The OpenTSDB plugin facilitates the integration of Telegraf with OpenTSDB, allowing users to push time-series metrics to an OpenTSDB backend seamlessly.

Integration details

KNX

The KNX plugin allows for the listening to messages transmitted over the KNX home-automation bus. It establishes a connection with the KNX bus through a KNX-IP interface, making it compatible with various message datapoint types that KNX employs. The plugin supports service input configuration, wherein it remains active to listen for relevant metrics or events rather than relying solely on scheduled intervals. This inherent characteristic enables real-time data capture from the KNX systems, enhancing automation and integration possibilities for building management and smart home applications. Additionally, this plugin is designed to handle multiple measurements from the KNX data, allowing for a flexible categorization of metrics based on the derived datapoint types, thus broadening the scope of data integration in smart environments.

OpenTSDB

The OpenTSDB plugin is designed to send metrics to an OpenTSDB instance using either the telnet or HTTP mode.

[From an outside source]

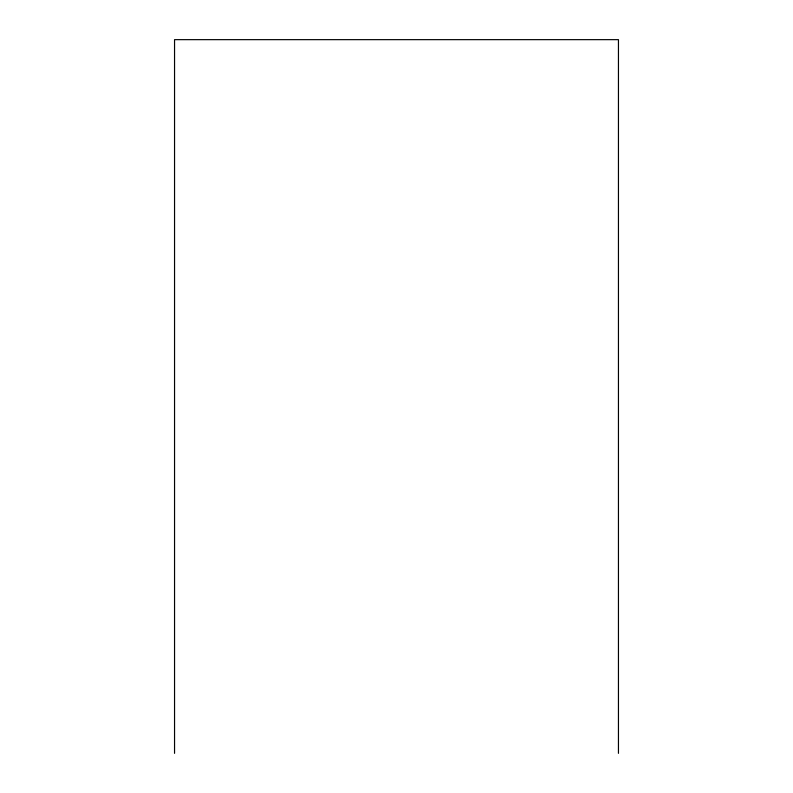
<?xml version="1.0" encoding="UTF-8"?>
<svg xmlns="http://www.w3.org/2000/svg" width="793" height="793" viewBox="0 0 793 793"><rect width="100%" height="100%" fill="white"/><g stroke="black" fill="none" stroke-linecap="round" stroke-linejoin="round"><path stroke-width="1.19" d="M618.451 753.35L618.451 39.65L174.549 39.65L174.549 753.35"/></g></svg>

With the introduction of OpenTSDB 2.0, the recommended method for sending metrics is via the HTTP API, which allows for batch processing of metrics by configuring the ‘http_batch_size’. The plugin supports several configuration options including metrics prefixing, server host and port specification, URI path customization for reverse proxies, and debug options for diagnosing communication issues with OpenTSDB. This plugin is particularly useful in scenarios where time series data is generated and needs to be efficiently stored in a scalable time series database like OpenTSDB, making it suitable for a wide range of monitoring and analytics applications.

Configuration

KNX

[[inputs.knx_listener]]
  ## Type of KNX-IP interface.
  ## Can be either "tunnel_udp", "tunnel_tcp", "tunnel" (alias for tunnel_udp) or "router".
  # service_type = "tunnel"

  ## Address of the KNX-IP interface.
  service_address = "localhost:3671"

  ## Measurement definition(s)
  # [[inputs.knx_listener.measurement]]
  #   ## Name of the measurement
  #   name = "temperature"
  #   ## Datapoint-Type (DPT) of the KNX messages
  #   dpt = "9.001"
  #   ## Use the string representation instead of the numerical value for the
  #   ## datapoint-type and the addresses below
  #   # as_string = false
  #   ## List of Group-Addresses (GAs) assigned to the measurement
  #   addresses = ["5/5/1"]

  # [[inputs.knx_listener.measurement]]
  #   name = "illumination"
  #   dpt = "9.004"
  #   addresses = ["5/5/3"]

OpenTSDB

[[outputs.opentsdb]]
  ## prefix for metrics keys
  prefix = "my.specific.prefix."

  ## DNS name of the OpenTSDB server
  ## Using "opentsdb.example.com" or "tcp://opentsdb.example.com" will use the
  ## telnet API. "http://opentsdb.example.com" will use the Http API.
  host = "opentsdb.example.com"

  ## Port of the OpenTSDB server
  port = 4242

  ## Number of data points to send to OpenTSDB in Http requests.
  ## Not used with telnet API.
  http_batch_size = 50

  ## URI Path for Http requests to OpenTSDB.
  ## Used in cases where OpenTSDB is located behind a reverse proxy.
  http_path = "/api/put"

  ## Debug true - Prints OpenTSDB communication
  debug = false

  ## Separator separates measurement name from field
  separator = "_"

Input and output integration examples

KNX

1. Smart Home Energy Monitoring: Utilize the KNX plugin to monitor energy consumption across various devices in a smart home setup. By configuring measurements for different appliances, users can gather real-time data on power usage, enabling them to optimize energy consumption and reduce costs. This setup can also integrate with visualization tools to provide insights into energy trends and usage patterns.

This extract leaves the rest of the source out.